Camouflage & Self-Regulation

7-29-2021

Do you flap? Rock back and forth? Repeat things verbally? Spin? Tantrum? These actions may be deemed unusual for most neurotypical people, but for Autistic people, it’s a way to regulate something on the inside. Self-regulation is the ability to get yourself to calm down from a state of excitement or stress. For neurotypical people, that could look like taking a break, taking deep breaths, talking through a stressful moment, but for Autistics, it could look like a whole bunch of other actions.

When we don’t get to self-regulate, for both autistics and neurotypical people, we bottle up those feelings, and they often come out in other actions, such as extended uncomfortableness, agitation, crying, or an outburst or tantrum. Autistic people often learn to mask and camouflage their emotions and their self-regulatory motions to fit into society’s norms. What it does is bottle up the emotion, which can be exhausting if the mask or camouflage behavior is extended for a full school day or work session. Its not unusual for parents learn that a child with Autism may not display any disruptive behaviors at school but experience daily tantrums or agitation when a child gets home.

For example, when I was a freshman in college, I did sorority rush for one day. That day, I visited three sorority houses, pretending to be perky and upbeat. I would have rather been more authentically me – listening and introspective in social situations. Perky was a tough mask for me to wear. At the end of the three visits, I went back to my dorm room and cried for an hour because of the exhaustion and stress it caused me. It was then I decided that I never wanted to pretend to be a perky and upbeat person again. I chose not to continue with sorority rush but found other groups in music to be involved in where I could be myself. I can empathize the stress that could affect autistic people who have to wear neurotypical masks daily.

So what can be done to help a person self-regulate?

· Learning the names of the emotions we feel and assessing whether responses can be changed to suit the situation. Are situations a big deal or a little deal?

· Learning different ways to self-regulate, like through mindfulness and diaphragmatic breathing.

· Understanding what actions are needed by an Autistic person to self-regulate in stressful situations and communicating that to a school or employer.

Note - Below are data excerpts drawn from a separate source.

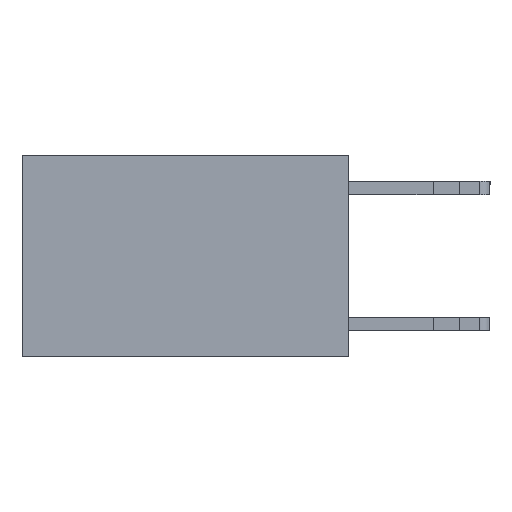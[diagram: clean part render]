
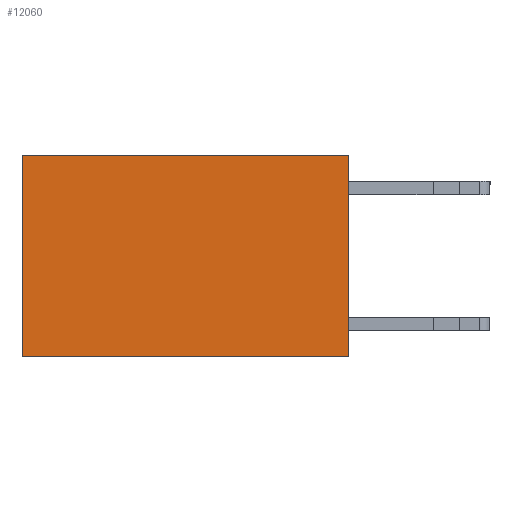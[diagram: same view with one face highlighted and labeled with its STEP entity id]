
A CAD part, left-side view. The second image highlights one B-rep face of the part: STEP entity #12060.
In plain terms, the highlighted planar face has unit normal (-1, 0, 0).
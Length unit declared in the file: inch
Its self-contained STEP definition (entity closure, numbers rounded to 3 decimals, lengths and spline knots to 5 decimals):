
#1818 = PLANE ( 'NONE',  #23889 ) ;
#2063 = LINE ( 'NONE', #13465, #10202 ) ;
#4053 = LINE ( 'NONE', #9753, #23411 ) ;
#4110 = VECTOR ( 'NONE', #12256, 39.37008 ) ;
#4226 = DIRECTION ( 'NONE',  ( 0., 1., 0. ) ) ;
#6275 = CARTESIAN_POINT ( 'NONE',  ( 0.2625, 0., 0. ) ) ;
#6661 = CARTESIAN_POINT ( 'NONE',  ( 0.2625, 0.6, 0. ) ) ;
#6937 = EDGE_CURVE ( 'NONE', #16513, #18464, #2063, .T. ) ;
#7101 = ORIENTED_EDGE ( 'NONE', *, *, #8963, .F. ) ;
#7166 = CARTESIAN_POINT ( 'NONE',  ( 0.2625, 0., 0. ) ) ;
#7288 = DIRECTION ( 'NONE',  ( 0., 0., -1. ) ) ;
#8963 = EDGE_CURVE ( 'NONE', #9891, #16513, #4053, .T. ) ;
#9284 = EDGE_CURVE ( 'NONE', #9891, #20877, #12900, .T. ) ;
#9359 = CARTESIAN_POINT ( 'NONE',  ( 0.2625, 0.6, -0.37 ) ) ;
#9753 = CARTESIAN_POINT ( 'NONE',  ( 0.2625, 0., 0. ) ) ;
#9891 = VERTEX_POINT ( 'NONE', #6275 ) ;
#10143 = CARTESIAN_POINT ( 'NONE',  ( 0.2625, 0.6, 0. ) ) ;
#10202 = VECTOR ( 'NONE', #4226, 39.37008 ) ;
#10590 = EDGE_LOOP ( 'NONE', ( #14123, #13948, #7101, #13217 ) ) ;
#12060 = ADVANCED_FACE ( 'NONE', ( #23903 ), #1818, .F. ) ;
#12256 = DIRECTION ( 'NONE',  ( 0., 0., -1. ) ) ;
#12427 = CARTESIAN_POINT ( 'NONE',  ( 0.2625, 0., 0. ) ) ;
#12900 = LINE ( 'NONE', #12427, #22648 ) ;
#13217 = ORIENTED_EDGE ( 'NONE', *, *, #9284, .T. ) ;
#13465 = CARTESIAN_POINT ( 'NONE',  ( 0.2625, 0., -0.37 ) ) ;
#13948 = ORIENTED_EDGE ( 'NONE', *, *, #6937, .F. ) ;
#14123 = ORIENTED_EDGE ( 'NONE', *, *, #20462, .T. ) ;
#15350 = DIRECTION ( 'NONE',  ( 0., 0., -1. ) ) ;
#16513 = VERTEX_POINT ( 'NONE', #23961 ) ;
#18346 = DIRECTION ( 'NONE',  ( 1., 0., 0. ) ) ;
#18464 = VERTEX_POINT ( 'NONE', #9359 ) ;
#19825 = DIRECTION ( 'NONE',  ( 0., 1., 0. ) ) ;
#20462 = EDGE_CURVE ( 'NONE', #20877, #18464, #23408, .T. ) ;
#20877 = VERTEX_POINT ( 'NONE', #10143 ) ;
#22648 = VECTOR ( 'NONE', #19825, 39.37008 ) ;
#23408 = LINE ( 'NONE', #6661, #4110 ) ;
#23411 = VECTOR ( 'NONE', #15350, 39.37008 ) ;
#23889 = AXIS2_PLACEMENT_3D ( 'NONE', #7166, #18346, #7288 ) ;
#23903 = FACE_OUTER_BOUND ( 'NONE', #10590, .T. ) ;
#23961 = CARTESIAN_POINT ( 'NONE',  ( 0.2625, 0., -0.37 ) ) ;

· Providing time and space for a child or an adult to self-regulate during the day, especially after a difficult task was completed. That can look like a short break to the bathroom, sensory room if available, or clinic or other private space where a child or adult can do stemming to self-regulate.

· Disclosing to other students or co-workers the need to move (flap/verbally stem) in certain situations to increase awareness and understanding. Let’s make stemming in public no big deal.

· Identifying a safe person for someone to talk through troubling feelings or to help redirect if seeking help to self-regulate.

In 2020, the CDC reported that 1 in every 54 children have Autism. They all will grow up. As autistics reach adulthood, we’ll see more flapping and outbursts in the workplace, at grocery stores, and in public spaces. It’s better to know and accept that that’s a needed coping mechanism than to stare and judge. I’d rather have people feel comfortable in their own skins by not needing to mask and camouflage. Around me, you can stem and be your authentic self, and I hope the world embraces authenticity as we all grow older.